Task prompt:
Where the line with "53.3v34M61.1 53.3v34M82.7 53.3v34M101.1" appears below, start writing out lines exactly, and finish with the line with "98.6h262.2M10.6 88.4v28.2M26.5 88.4v28.2M44.7", which is included; write out nothing else.

Data provided Start Marker

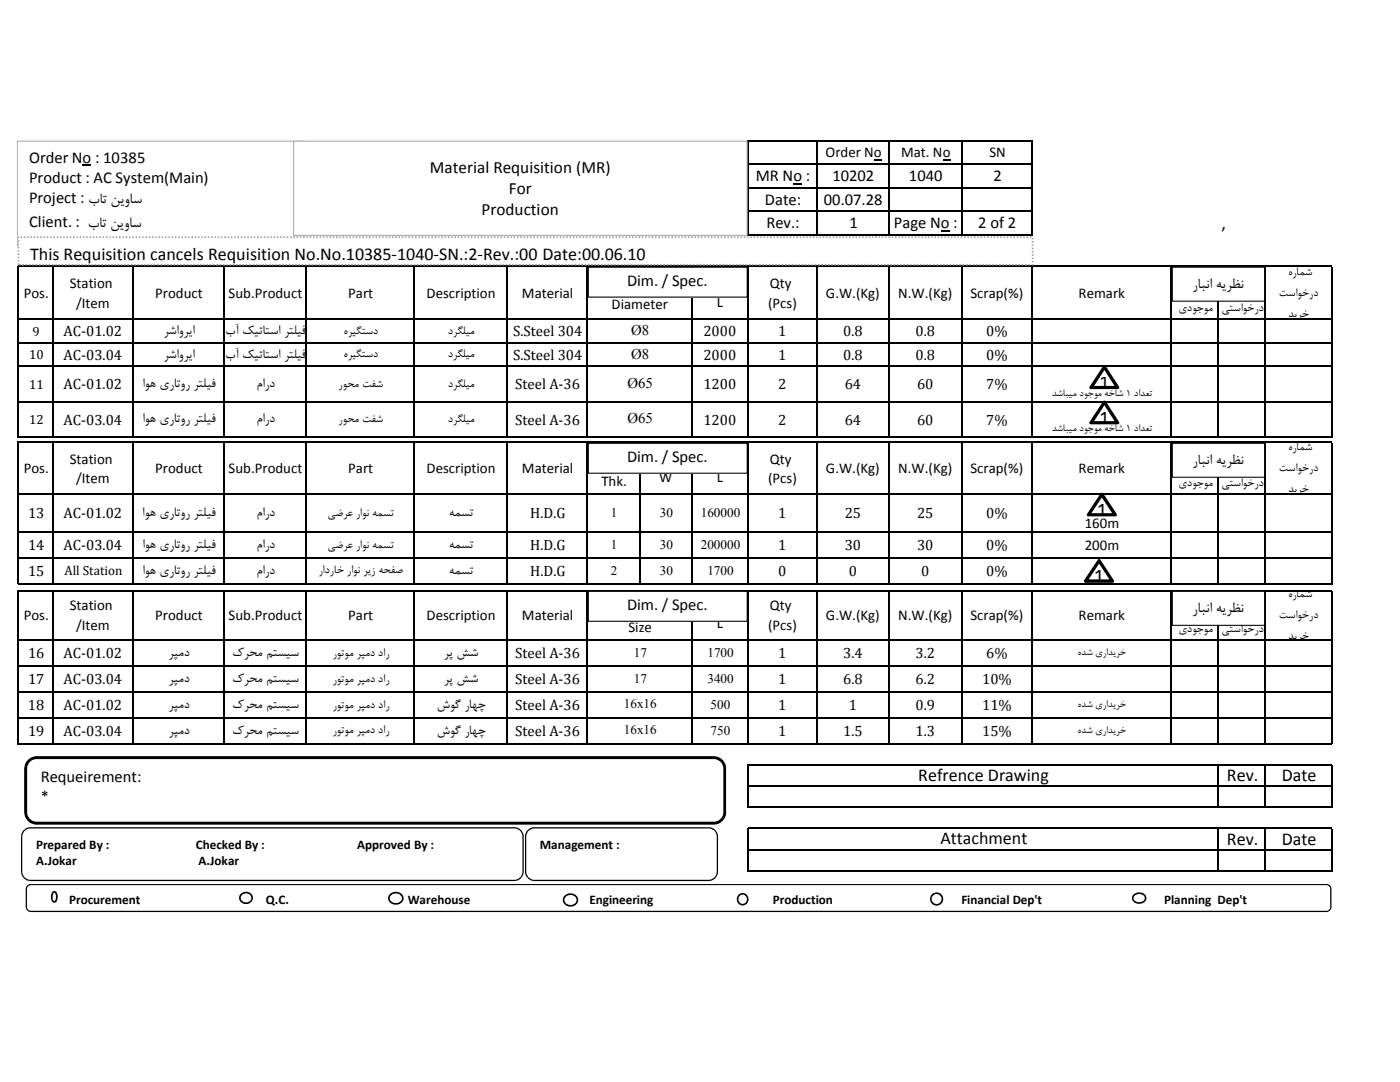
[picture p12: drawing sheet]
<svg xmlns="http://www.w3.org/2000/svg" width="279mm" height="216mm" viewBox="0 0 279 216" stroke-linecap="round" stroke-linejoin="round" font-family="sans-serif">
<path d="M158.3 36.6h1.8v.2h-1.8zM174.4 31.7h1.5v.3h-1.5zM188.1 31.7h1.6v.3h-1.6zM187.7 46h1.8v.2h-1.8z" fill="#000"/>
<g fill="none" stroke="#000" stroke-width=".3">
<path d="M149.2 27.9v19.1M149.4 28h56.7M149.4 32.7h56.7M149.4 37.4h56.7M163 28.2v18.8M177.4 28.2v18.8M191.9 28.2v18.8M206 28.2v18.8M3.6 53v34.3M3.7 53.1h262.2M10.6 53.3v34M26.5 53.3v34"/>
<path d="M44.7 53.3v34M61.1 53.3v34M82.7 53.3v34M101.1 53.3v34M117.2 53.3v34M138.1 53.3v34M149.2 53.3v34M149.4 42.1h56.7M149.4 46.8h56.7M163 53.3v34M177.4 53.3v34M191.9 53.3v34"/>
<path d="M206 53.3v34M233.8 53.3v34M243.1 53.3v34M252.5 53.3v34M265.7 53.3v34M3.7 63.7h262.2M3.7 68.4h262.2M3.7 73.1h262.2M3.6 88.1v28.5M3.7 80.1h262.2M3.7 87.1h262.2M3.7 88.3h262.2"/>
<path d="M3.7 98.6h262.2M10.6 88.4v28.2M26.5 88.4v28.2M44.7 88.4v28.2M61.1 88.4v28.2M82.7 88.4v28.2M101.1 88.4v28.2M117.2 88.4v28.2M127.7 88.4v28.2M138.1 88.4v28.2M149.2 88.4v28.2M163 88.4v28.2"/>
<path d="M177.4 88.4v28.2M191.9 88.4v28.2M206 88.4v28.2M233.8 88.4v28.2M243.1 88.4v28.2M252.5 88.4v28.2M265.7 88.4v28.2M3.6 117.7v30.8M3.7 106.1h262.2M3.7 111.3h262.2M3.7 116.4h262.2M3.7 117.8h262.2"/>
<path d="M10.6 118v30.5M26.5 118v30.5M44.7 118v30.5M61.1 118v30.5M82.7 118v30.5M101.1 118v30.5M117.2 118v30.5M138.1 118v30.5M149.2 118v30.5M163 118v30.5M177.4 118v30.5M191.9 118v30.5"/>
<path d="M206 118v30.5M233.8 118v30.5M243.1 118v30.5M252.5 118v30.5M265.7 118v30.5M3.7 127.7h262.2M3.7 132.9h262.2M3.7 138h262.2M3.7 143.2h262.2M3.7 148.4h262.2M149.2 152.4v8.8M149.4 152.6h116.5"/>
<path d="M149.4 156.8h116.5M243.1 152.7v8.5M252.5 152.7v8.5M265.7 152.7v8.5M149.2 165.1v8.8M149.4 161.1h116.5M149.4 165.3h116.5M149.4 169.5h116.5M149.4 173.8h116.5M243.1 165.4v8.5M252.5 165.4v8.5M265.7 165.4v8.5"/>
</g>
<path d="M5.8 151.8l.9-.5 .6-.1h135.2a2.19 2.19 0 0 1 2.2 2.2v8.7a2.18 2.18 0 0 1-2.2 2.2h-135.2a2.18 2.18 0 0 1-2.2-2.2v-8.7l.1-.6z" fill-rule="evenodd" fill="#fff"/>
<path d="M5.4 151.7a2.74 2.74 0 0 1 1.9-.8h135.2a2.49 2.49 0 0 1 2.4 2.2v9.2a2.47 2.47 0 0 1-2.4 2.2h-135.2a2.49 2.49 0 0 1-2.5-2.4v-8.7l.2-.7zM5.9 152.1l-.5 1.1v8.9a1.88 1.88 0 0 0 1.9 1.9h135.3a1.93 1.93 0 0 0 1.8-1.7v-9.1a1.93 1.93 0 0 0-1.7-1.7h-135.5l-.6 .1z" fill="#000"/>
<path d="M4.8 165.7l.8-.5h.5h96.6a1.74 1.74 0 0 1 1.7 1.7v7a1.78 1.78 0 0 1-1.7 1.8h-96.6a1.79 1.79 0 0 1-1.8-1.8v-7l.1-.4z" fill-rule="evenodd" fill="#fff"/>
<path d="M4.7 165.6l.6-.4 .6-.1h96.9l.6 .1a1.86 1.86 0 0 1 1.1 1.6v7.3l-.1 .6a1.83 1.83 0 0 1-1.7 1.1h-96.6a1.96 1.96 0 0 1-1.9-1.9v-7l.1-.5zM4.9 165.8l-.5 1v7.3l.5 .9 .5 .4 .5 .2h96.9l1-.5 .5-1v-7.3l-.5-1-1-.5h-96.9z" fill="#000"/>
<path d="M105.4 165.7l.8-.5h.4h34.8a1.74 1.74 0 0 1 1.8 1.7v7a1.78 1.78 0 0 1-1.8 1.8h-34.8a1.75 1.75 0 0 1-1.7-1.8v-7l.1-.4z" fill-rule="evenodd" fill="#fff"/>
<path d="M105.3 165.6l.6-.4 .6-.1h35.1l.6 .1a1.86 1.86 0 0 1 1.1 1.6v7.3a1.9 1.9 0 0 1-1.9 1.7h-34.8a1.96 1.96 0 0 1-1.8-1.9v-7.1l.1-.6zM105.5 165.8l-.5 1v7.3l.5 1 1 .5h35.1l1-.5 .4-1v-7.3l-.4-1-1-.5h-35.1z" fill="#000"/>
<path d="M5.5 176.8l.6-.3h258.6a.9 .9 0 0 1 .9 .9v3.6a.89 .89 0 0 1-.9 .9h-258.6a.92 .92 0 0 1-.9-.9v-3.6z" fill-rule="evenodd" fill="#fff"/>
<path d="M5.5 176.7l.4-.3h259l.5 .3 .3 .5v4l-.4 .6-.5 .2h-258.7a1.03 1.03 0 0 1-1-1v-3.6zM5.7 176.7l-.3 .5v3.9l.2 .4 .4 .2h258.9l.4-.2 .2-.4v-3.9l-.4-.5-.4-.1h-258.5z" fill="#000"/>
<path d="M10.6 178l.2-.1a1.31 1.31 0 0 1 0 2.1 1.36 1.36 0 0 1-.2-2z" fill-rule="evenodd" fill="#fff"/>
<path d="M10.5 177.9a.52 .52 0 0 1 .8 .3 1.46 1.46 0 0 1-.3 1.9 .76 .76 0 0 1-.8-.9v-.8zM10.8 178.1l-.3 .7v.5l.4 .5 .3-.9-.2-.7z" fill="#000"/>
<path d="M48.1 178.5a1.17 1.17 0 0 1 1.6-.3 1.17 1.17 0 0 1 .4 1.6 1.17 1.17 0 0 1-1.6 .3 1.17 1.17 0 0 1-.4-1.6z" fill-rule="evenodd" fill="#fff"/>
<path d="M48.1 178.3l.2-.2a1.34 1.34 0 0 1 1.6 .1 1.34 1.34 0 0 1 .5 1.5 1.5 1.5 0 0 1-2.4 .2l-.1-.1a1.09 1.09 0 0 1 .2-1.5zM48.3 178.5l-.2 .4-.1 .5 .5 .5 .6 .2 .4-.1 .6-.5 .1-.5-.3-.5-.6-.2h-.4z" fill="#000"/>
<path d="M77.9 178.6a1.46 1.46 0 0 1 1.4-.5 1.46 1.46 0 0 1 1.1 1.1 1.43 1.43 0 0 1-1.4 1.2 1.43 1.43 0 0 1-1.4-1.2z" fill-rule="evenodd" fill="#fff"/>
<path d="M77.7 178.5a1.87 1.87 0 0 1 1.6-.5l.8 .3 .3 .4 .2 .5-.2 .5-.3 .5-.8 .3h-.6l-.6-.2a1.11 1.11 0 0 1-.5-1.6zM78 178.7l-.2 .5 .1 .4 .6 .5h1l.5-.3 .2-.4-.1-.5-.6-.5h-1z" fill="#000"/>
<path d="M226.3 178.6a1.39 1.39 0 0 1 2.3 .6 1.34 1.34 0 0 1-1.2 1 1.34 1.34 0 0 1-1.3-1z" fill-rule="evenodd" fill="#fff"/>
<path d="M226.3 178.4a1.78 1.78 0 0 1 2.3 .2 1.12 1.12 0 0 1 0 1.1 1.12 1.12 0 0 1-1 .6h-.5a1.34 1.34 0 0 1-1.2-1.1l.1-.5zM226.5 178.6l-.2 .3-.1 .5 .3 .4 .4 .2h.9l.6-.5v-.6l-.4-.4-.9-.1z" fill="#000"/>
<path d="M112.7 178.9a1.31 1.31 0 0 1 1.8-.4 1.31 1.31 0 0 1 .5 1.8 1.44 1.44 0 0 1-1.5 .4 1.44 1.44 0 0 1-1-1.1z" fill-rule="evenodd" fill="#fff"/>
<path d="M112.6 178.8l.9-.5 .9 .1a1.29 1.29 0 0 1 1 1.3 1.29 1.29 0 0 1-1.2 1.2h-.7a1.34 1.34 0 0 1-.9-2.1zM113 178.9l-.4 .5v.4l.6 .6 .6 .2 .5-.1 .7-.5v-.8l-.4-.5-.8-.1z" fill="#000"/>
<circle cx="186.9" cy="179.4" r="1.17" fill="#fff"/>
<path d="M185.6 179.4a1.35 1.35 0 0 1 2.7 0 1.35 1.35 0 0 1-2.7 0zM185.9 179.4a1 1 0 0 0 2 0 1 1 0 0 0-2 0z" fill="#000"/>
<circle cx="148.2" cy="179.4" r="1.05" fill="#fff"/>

Data provided End Marker

Written response:
<path d="M44.7 53.3v34M61.1 53.3v34M82.7 53.3v34M101.1 53.3v34M117.2 53.3v34M138.1 53.3v34M149.2 53.3v34M149.4 42.1h56.7M149.4 46.8h56.7M163 53.3v34M177.4 53.3v34M191.9 53.3v34"/>
<path d="M206 53.3v34M233.8 53.3v34M243.1 53.3v34M252.5 53.3v34M265.7 53.3v34M3.7 63.7h262.2M3.7 68.4h262.2M3.7 73.1h262.2M3.6 88.1v28.5M3.7 80.1h262.2M3.7 87.1h262.2M3.7 88.3h262.2"/>
<path d="M3.7 98.6h262.2M10.6 88.4v28.2M26.5 88.4v28.2M44.7 88.4v28.2M61.1 88.4v28.2M82.7 88.4v28.2M101.1 88.4v28.2M117.2 88.4v28.2M127.7 88.4v28.2M138.1 88.4v28.2M149.2 88.4v28.2M163 88.4v28.2"/>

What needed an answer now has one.